◆ EXERCISE DIRECTIONS ◆
Could the lines from the one with "Cxx_cyl_fill_trap_area_l_thd = 0.1" through the end of the listing be restated exactly, with nothing else included?

■ ■ ■ ■ ■

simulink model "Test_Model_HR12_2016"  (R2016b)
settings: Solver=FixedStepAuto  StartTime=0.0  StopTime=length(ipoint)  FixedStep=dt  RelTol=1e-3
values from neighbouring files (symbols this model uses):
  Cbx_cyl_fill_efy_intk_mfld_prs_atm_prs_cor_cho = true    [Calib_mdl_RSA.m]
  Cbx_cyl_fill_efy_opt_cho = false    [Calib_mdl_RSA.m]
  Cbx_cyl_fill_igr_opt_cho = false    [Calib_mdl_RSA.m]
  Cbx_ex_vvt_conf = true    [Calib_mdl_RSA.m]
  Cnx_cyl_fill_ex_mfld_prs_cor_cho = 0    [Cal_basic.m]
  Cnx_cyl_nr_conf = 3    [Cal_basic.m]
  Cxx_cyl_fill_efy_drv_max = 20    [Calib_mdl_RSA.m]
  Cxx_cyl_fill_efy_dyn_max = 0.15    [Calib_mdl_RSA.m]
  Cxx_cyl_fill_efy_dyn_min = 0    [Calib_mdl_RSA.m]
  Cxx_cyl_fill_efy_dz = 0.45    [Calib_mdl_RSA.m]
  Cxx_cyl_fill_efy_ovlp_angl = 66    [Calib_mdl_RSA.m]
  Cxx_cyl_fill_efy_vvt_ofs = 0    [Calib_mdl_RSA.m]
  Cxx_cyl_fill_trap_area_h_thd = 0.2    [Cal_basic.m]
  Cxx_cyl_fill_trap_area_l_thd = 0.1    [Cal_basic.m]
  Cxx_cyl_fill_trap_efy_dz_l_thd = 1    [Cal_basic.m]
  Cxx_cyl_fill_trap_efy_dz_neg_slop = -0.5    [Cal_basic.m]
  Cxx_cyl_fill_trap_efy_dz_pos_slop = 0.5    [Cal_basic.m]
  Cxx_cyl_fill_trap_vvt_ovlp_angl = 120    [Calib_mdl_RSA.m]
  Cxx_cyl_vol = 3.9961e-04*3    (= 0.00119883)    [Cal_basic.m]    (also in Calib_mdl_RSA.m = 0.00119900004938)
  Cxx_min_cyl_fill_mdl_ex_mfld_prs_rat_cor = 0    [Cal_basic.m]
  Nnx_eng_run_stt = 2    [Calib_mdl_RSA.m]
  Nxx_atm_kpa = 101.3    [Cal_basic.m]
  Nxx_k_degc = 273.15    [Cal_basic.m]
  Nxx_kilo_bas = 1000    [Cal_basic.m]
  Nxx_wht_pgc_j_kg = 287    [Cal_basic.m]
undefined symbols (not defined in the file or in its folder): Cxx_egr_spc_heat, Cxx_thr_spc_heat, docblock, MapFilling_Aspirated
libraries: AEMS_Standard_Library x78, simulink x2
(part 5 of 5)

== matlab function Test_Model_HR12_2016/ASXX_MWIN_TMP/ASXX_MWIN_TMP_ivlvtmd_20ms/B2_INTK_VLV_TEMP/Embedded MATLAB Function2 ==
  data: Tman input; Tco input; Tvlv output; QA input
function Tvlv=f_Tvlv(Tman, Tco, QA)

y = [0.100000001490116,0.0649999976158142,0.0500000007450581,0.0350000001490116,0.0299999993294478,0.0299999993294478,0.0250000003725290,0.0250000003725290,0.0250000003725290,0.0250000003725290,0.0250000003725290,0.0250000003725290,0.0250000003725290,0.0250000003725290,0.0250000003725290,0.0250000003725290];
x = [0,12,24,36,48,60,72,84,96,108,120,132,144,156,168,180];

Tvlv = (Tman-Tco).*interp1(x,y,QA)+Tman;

■ ■ ■ ■ ■

◆ ANSWER FOR THE TASK ◆
  Cxx_cyl_fill_trap_area_l_thd = 0.1    [Cal_basic.m]
  Cxx_cyl_fill_trap_efy_dz_l_thd = 1    [Cal_basic.m]
  Cxx_cyl_fill_trap_efy_dz_neg_slop = -0.5    [Cal_basic.m]
  Cxx_cyl_fill_trap_efy_dz_pos_slop = 0.5    [Cal_basic.m]
  Cxx_cyl_fill_trap_vvt_ovlp_angl = 120    [Calib_mdl_RSA.m]
  Cxx_cyl_vol = 3.9961e-04*3    (= 0.00119883)    [Cal_basic.m]    (also in Calib_mdl_RSA.m = 0.00119900004938)
  Cxx_min_cyl_fill_mdl_ex_mfld_prs_rat_cor = 0    [Cal_basic.m]
  Nnx_eng_run_stt = 2    [Calib_mdl_RSA.m]
  Nxx_atm_kpa = 101.3    [Cal_basic.m]
  Nxx_k_degc = 273.15    [Cal_basic.m]
  Nxx_kilo_bas = 1000    [Cal_basic.m]
  Nxx_wht_pgc_j_kg = 287    [Cal_basic.m]
undefined symbols (not defined in the file or in its folder): Cxx_egr_spc_heat, Cxx_thr_spc_heat, docblock, MapFilling_Aspirated
libraries: AEMS_Standard_Library x78, simulink x2
(part 5 of 5)

== matlab function Test_Model_HR12_2016/ASXX_MWIN_TMP/ASXX_MWIN_TMP_ivlvtmd_20ms/B2_INTK_VLV_TEMP/Embedded MATLAB Function2 ==
  data: Tman input; Tco input; Tvlv output; QA input
function Tvlv=f_Tvlv(Tman, Tco, QA)

y = [0.100000001490116,0.0649999976158142,0.0500000007450581,0.0350000001490116,0.0299999993294478,0.0299999993294478,0.0250000003725290,0.0250000003725290,0.0250000003725290,0.0250000003725290,0.0250000003725290,0.0250000003725290,0.0250000003725290,0.0250000003725290,0.0250000003725290,0.0250000003725290];
x = [0,12,24,36,48,60,72,84,96,108,120,132,144,156,168,180];

Tvlv = (Tman-Tco).*interp1(x,y,QA)+Tman;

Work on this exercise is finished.